In any case, Dr. Chao. That's because speed is not a simple function of fitness. "Endurance is all about biomechanical efficiency," he says. "There's a capacity for efficiency." If you're running, swimming, or cycling, a bit of energy waste at each step or stroke can add extra seconds and minutes to the end time. But optimizing your form in these sports is hard because they repeat so often. "They're trying to unlearn this pattern of movement, which is anchored in your brain for literally a million repetitions," Dr. Chao.

As the brain temporarily becomes more neuroplastic, tDCS can facilitate the transformation of these deeply grooved patterns of movement. "I think it's like loosening my motor cortex so I can reprogram myself," Dr. Chao (who, so to speak, is not just a scientist and an inventor, but also a damn strong cyclist). That's exactly the advantage that Talansky has found. As a middle school swimmer, he had just enough experience to persist bad habits – especially one arm that swung too far while the other crossed the midline.
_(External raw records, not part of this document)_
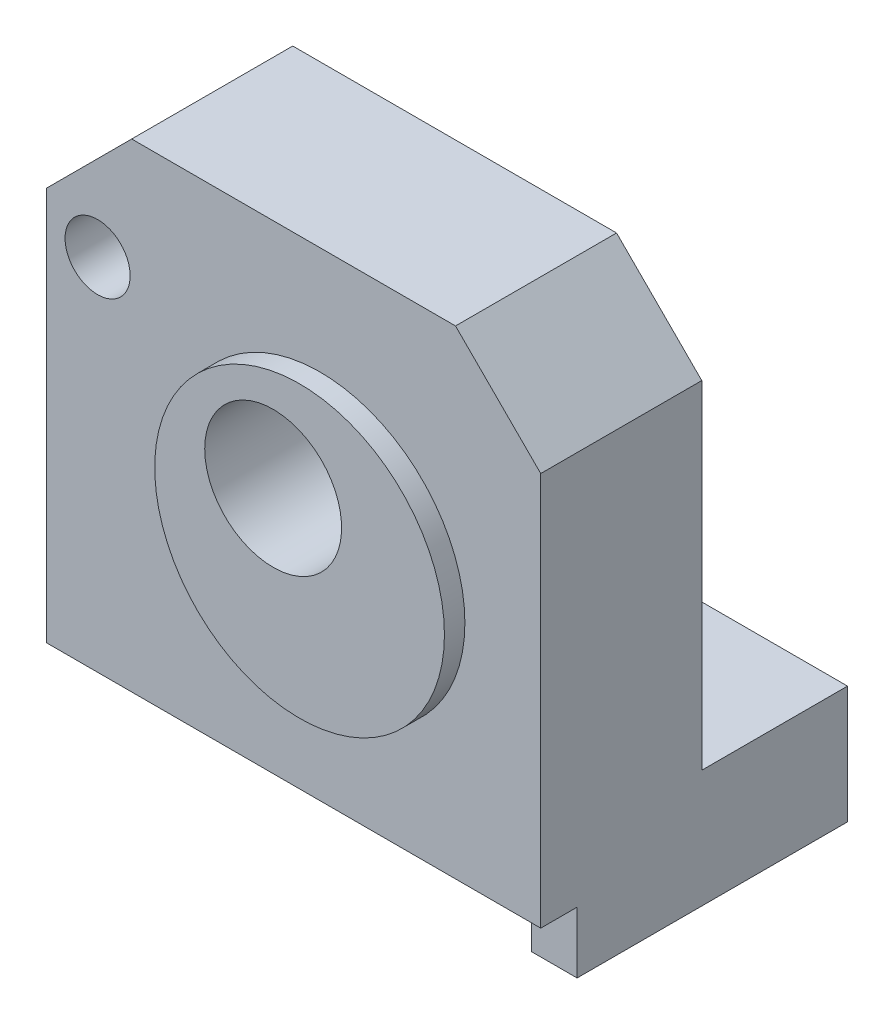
ISO-10303-21;
HEADER;
FILE_DESCRIPTION(('STEP AP214'),'2;1');
FILE_NAME('part.step','',(''),(''),'','','');
FILE_SCHEMA(('AUTOMOTIVE_DESIGN { 1 0 10303 214 1 1 1 1 }'));
ENDSEC;
DATA;
#1=APPLICATION_CONTEXT('core data for automotive mechanical design processes');
#2=APPLICATION_PROTOCOL_DEFINITION('international standard','automotive_design',2000,#1);
#3=PRODUCT_CONTEXT('',#1,'mechanical');
#4=PRODUCT('Part','Part','',(#3));
#5=PRODUCT_RELATED_PRODUCT_CATEGORY('part','',(#4));
#6=PRODUCT_DEFINITION_FORMATION('','',#4);
#7=PRODUCT_DEFINITION_CONTEXT('part definition',#1,'design');
#8=PRODUCT_DEFINITION('design','',#6,#7);
#9=PRODUCT_DEFINITION_SHAPE('','',#8);
#10=(LENGTH_UNIT() NAMED_UNIT(*) SI_UNIT(.MILLI.,.METRE.));
#11=(NAMED_UNIT(*) PLANE_ANGLE_UNIT() SI_UNIT($,.RADIAN.));
#12=(NAMED_UNIT(*) SI_UNIT($,.STERADIAN.) SOLID_ANGLE_UNIT());
#13=UNCERTAINTY_MEASURE_WITH_UNIT(LENGTH_MEASURE(1.E-05),#10,'distance_accuracy_value','');
#14=(GEOMETRIC_REPRESENTATION_CONTEXT(3) GLOBAL_UNCERTAINTY_ASSIGNED_CONTEXT((#13)) GLOBAL_UNIT_ASSIGNED_CONTEXT((#10,
#11,#12)) REPRESENTATION_CONTEXT('',''));
#15=CARTESIAN_POINT('',(0.,0.,0.));
#16=DIRECTION('',(0.,0.,1.));
#17=DIRECTION('',(1.,0.,0.));
#18=AXIS2_PLACEMENT_3D('',#15,#16,#17);
#19=CARTESIAN_POINT('',(-18.415,17.399,13.524));
#20=DIRECTION('',(0.,0.,1.));
#21=DIRECTION('',(1.,0.,0.));
#22=AXIS2_PLACEMENT_3D('',#19,#20,#21);
#23=PLANE('',#22);
#24=CARTESIAN_POINT('',(1.9685,-3.06439873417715,13.524));
#25=DIRECTION('',(0.,0.,1.));
#26=DIRECTION('',(1.,0.,0.));
#27=AXIS2_PLACEMENT_3D('',#24,#25,#26);
#28=CIRCLE('',#27,10.795);
#29=CARTESIAN_POINT('',(12.7635,-3.06439873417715,13.524));
#30=VERTEX_POINT('',#29);
#31=EDGE_CURVE('E305',#30,#30,#28,.F.);
#32=ORIENTED_EDGE('',*,*,#31,.F.);
#33=EDGE_LOOP('',(#32));
#34=FACE_BOUND('',#33,.T.);
#35=CARTESIAN_POINT('',(0.,0.,13.524));
#36=DIRECTION('',(0.,0.,-1.));
#37=DIRECTION('',(-1.,0.,0.));
#38=AXIS2_PLACEMENT_3D('',#35,#36,#37);
#39=CIRCLE('',#38,5.09999999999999);
#40=CARTESIAN_POINT('',(-5.09999999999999,0.,13.524));
#41=VERTEX_POINT('',#40);
#42=EDGE_CURVE('E282',#41,#41,#39,.T.);
#43=ORIENTED_EDGE('',*,*,#42,.T.);
#44=EDGE_LOOP('',(#43));
#45=FACE_BOUND('',#44,.T.);
#46=ADVANCED_FACE('F32',(#34,#45),#23,.T.);
#47=CARTESIAN_POINT('',(-18.415,17.399,12.));
#48=DIRECTION('',(1.,0.,0.));
#49=DIRECTION('',(0.,1.,0.));
#50=AXIS2_PLACEMENT_3D('',#47,#48,#49);
#51=PLANE('',#50);
#52=DIRECTION('',(0.,1.,0.));
#53=VECTOR('',#52,1.);
#54=CARTESIAN_POINT('',(-18.415,-24.511,9.28982));
#55=LINE('',#54,#53);
#56=CARTESIAN_POINT('',(-18.415,-22.479,9.28982));
#57=VERTEX_POINT('',#56);
#58=CARTESIAN_POINT('',(-18.415,-19.939,9.28982));
#59=VERTEX_POINT('',#58);
#60=EDGE_CURVE('E292',#57,#59,#55,.T.);
#61=ORIENTED_EDGE('',*,*,#60,.T.);
#62=DIRECTION('',(0.,0.,1.));
#63=VECTOR('',#62,1.);
#64=CARTESIAN_POINT('',(-18.415,-19.939,12.));
#65=LINE('',#64,#63);
#66=CARTESIAN_POINT('',(-18.415,-19.939,12.));
#67=VERTEX_POINT('',#66);
#68=EDGE_CURVE('E328',#59,#67,#65,.T.);
#69=ORIENTED_EDGE('',*,*,#68,.T.);
#70=DIRECTION('',(0.,-1.,0.));
#71=VECTOR('',#70,1.);
#72=CARTESIAN_POINT('',(-18.415,17.399,12.));
#73=LINE('',#72,#71);
#74=CARTESIAN_POINT('',(-18.415,9.39799999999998,12.));
#75=VERTEX_POINT('',#74);
#76=EDGE_CURVE('E195',#75,#67,#73,.T.);
#77=ORIENTED_EDGE('',*,*,#76,.F.);
#78=DIRECTION('',(0.,0.,-1.));
#79=VECTOR('',#78,1.);
#80=CARTESIAN_POINT('',(-18.415,9.39799999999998,0.));
#81=LINE('',#80,#79);
#82=CARTESIAN_POINT('',(-18.415,9.39799999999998,0.));
#83=VERTEX_POINT('',#82);
#84=EDGE_CURVE('E42',#75,#83,#81,.T.);
#85=ORIENTED_EDGE('',*,*,#84,.T.);
#86=DIRECTION('',(0.,-1.,0.));
#87=VECTOR('',#86,1.);
#88=CARTESIAN_POINT('',(-18.415,17.399,0.));
#89=LINE('',#88,#87);
#90=CARTESIAN_POINT('',(-18.415,-15.748,0.));
#91=VERTEX_POINT('',#90);
#92=EDGE_CURVE('E192',#83,#91,#89,.T.);
#93=ORIENTED_EDGE('',*,*,#92,.T.);
#94=DIRECTION('',(0.,0.,1.));
#95=VECTOR('',#94,1.);
#96=CARTESIAN_POINT('',(-18.415,-15.748,-10.86));
#97=LINE('',#96,#95);
#98=CARTESIAN_POINT('',(-18.415,-15.748,-10.86));
#99=VERTEX_POINT('',#98);
#100=EDGE_CURVE('E294',#99,#91,#97,.T.);
#101=ORIENTED_EDGE('',*,*,#100,.F.);
#102=DIRECTION('',(0.,-1.,0.));
#103=VECTOR('',#102,1.);
#104=CARTESIAN_POINT('',(-18.415,-22.479,-10.86));
#105=LINE('',#104,#103);
#106=CARTESIAN_POINT('',(-18.415,-22.479,-10.86));
#107=VERTEX_POINT('',#106);
#108=EDGE_CURVE('E149',#99,#107,#105,.T.);
#109=ORIENTED_EDGE('',*,*,#108,.T.);
#110=DIRECTION('',(0.,0.,1.));
#111=VECTOR('',#110,1.);
#112=CARTESIAN_POINT('',(-18.415,-22.479,-10.86));
#113=LINE('',#112,#111);
#114=EDGE_CURVE('E219',#107,#57,#113,.T.);
#115=ORIENTED_EDGE('',*,*,#114,.T.);
#116=EDGE_LOOP('',(#61,#69,#77,#85,#93,#101,#109,#115));
#117=FACE_BOUND('',#116,.T.);
#118=ADVANCED_FACE('F34',(#117),#51,.F.);
#119=CARTESIAN_POINT('',(18.415,17.399,12.));
#120=DIRECTION('',(-1.,0.,0.));
#121=DIRECTION('',(0.,0.,1.));
#122=AXIS2_PLACEMENT_3D('',#119,#120,#121);
#123=PLANE('',#122);
#124=DIRECTION('',(0.,1.,0.));
#125=VECTOR('',#124,1.);
#126=CARTESIAN_POINT('',(18.415,17.399,12.));
#127=LINE('',#126,#125);
#128=CARTESIAN_POINT('',(18.415,-19.939,12.));
#129=VERTEX_POINT('',#128);
#130=CARTESIAN_POINT('',(18.415,9.39799999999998,12.));
#131=VERTEX_POINT('',#130);
#132=EDGE_CURVE('E313',#129,#131,#127,.T.);
#133=ORIENTED_EDGE('',*,*,#132,.F.);
#134=DIRECTION('',(0.,0.,1.));
#135=VECTOR('',#134,1.);
#136=CARTESIAN_POINT('',(18.415,-19.939,12.));
#137=LINE('',#136,#135);
#138=CARTESIAN_POINT('',(18.415,-19.939,9.28982000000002));
#139=VERTEX_POINT('',#138);
#140=EDGE_CURVE('E134',#139,#129,#137,.T.);
#141=ORIENTED_EDGE('',*,*,#140,.F.);
#142=DIRECTION('',(0.,1.,0.));
#143=VECTOR('',#142,1.);
#144=CARTESIAN_POINT('',(18.415,-24.511,9.28982000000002));
#145=LINE('',#144,#143);
#146=CARTESIAN_POINT('',(18.415,-24.511,9.28982000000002));
#147=VERTEX_POINT('',#146);
#148=EDGE_CURVE('E123',#147,#139,#145,.T.);
#149=ORIENTED_EDGE('',*,*,#148,.F.);
#150=DIRECTION('',(0.,0.,1.));
#151=VECTOR('',#150,1.);
#152=CARTESIAN_POINT('',(18.415,-24.511,-10.86));
#153=LINE('',#152,#151);
#154=CARTESIAN_POINT('',(18.415,-24.511,-10.86));
#155=VERTEX_POINT('',#154);
#156=EDGE_CURVE('E133',#155,#147,#153,.T.);
#157=ORIENTED_EDGE('',*,*,#156,.F.);
#158=DIRECTION('',(0.,1.,0.));
#159=VECTOR('',#158,1.);
#160=CARTESIAN_POINT('',(18.415,-22.479,-10.86));
#161=LINE('',#160,#159);
#162=CARTESIAN_POINT('',(18.415,-15.748,-10.86));
#163=VERTEX_POINT('',#162);
#164=EDGE_CURVE('E155',#155,#163,#161,.T.);
#165=ORIENTED_EDGE('',*,*,#164,.T.);
#166=DIRECTION('',(0.,0.,1.));
#167=VECTOR('',#166,1.);
#168=CARTESIAN_POINT('',(18.415,-15.748,-10.86));
#169=LINE('',#168,#167);
#170=CARTESIAN_POINT('',(18.415,-15.748,0.));
#171=VERTEX_POINT('',#170);
#172=EDGE_CURVE('E302',#163,#171,#169,.T.);
#173=ORIENTED_EDGE('',*,*,#172,.T.);
#174=DIRECTION('',(0.,1.,0.));
#175=VECTOR('',#174,1.);
#176=CARTESIAN_POINT('',(18.415,17.399,0.));
#177=LINE('',#176,#175);
#178=CARTESIAN_POINT('',(18.415,9.39799999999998,0.));
#179=VERTEX_POINT('',#178);
#180=EDGE_CURVE('E204',#171,#179,#177,.T.);
#181=ORIENTED_EDGE('',*,*,#180,.T.);
#182=DIRECTION('',(0.,0.,1.));
#183=VECTOR('',#182,1.);
#184=CARTESIAN_POINT('',(18.415,9.39799999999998,12.));
#185=LINE('',#184,#183);
#186=EDGE_CURVE('E182',#179,#131,#185,.T.);
#187=ORIENTED_EDGE('',*,*,#186,.T.);
#188=EDGE_LOOP('',(#133,#141,#149,#157,#165,#173,#181,#187));
#189=FACE_BOUND('',#188,.T.);
#190=ADVANCED_FACE('F131',(#189),#123,.F.);
#191=CARTESIAN_POINT('',(-18.415,17.399,12.));
#192=DIRECTION('',(0.,0.,1.));
#193=DIRECTION('',(1.,0.,0.));
#194=AXIS2_PLACEMENT_3D('',#191,#192,#193);
#195=PLANE('',#194);
#196=DIRECTION('',(1.,0.,0.));
#197=VECTOR('',#196,1.);
#198=CARTESIAN_POINT('',(-18.415,-19.939,12.));
#199=LINE('',#198,#197);
#200=EDGE_CURVE('E280',#67,#129,#199,.T.);
#201=ORIENTED_EDGE('',*,*,#200,.T.);
#202=ORIENTED_EDGE('',*,*,#132,.T.);
#203=DIRECTION('',(-0.707106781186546,0.707106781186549,0.));
#204=VECTOR('',#203,1.);
#205=CARTESIAN_POINT('',(-4.00049999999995,31.8135,12.));
#206=LINE('',#205,#204);
#207=CARTESIAN_POINT('',(12.065,15.748,12.));
#208=VERTEX_POINT('',#207);
#209=EDGE_CURVE('E186',#131,#208,#206,.T.);
#210=ORIENTED_EDGE('',*,*,#209,.T.);
#211=DIRECTION('',(1.,0.,0.));
#212=VECTOR('',#211,1.);
#213=CARTESIAN_POINT('',(18.415,15.748,12.));
#214=LINE('',#213,#212);
#215=CARTESIAN_POINT('',(-12.065,15.748,12.));
#216=VERTEX_POINT('',#215);
#217=EDGE_CURVE('E170',#216,#208,#214,.T.);
#218=ORIENTED_EDGE('',*,*,#217,.F.);
#219=DIRECTION('',(-0.707106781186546,-0.707106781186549,0.));
#220=VECTOR('',#219,1.);
#221=CARTESIAN_POINT('',(-14.4145,13.3985,12.));
#222=LINE('',#221,#220);
#223=EDGE_CURVE('E56',#216,#75,#222,.T.);
#224=ORIENTED_EDGE('',*,*,#223,.T.);
#225=ORIENTED_EDGE('',*,*,#76,.T.);
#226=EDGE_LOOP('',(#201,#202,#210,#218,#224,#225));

As a relative junior driver of the Ironman at the age of 29, he did not want to waste any time. "It allowed me to swim, I think, much better than most people without a heavy swim, after basically swimming for eight months," he says.

There is also strong data showing that tDCS improves brain endurance. In his studies for the Air Force, McKinley has gone deep into his effects on cognitive fatigue and examined the ability of subjects to maintain their attention during actual tasks, such as image sorting with and without brain stimulation. Subjects in the control group usually lose focus quickly after 20 minutes. "What we find when we add stimulation is that the decline is eliminated for about six hours," says McKinley. 6 hours!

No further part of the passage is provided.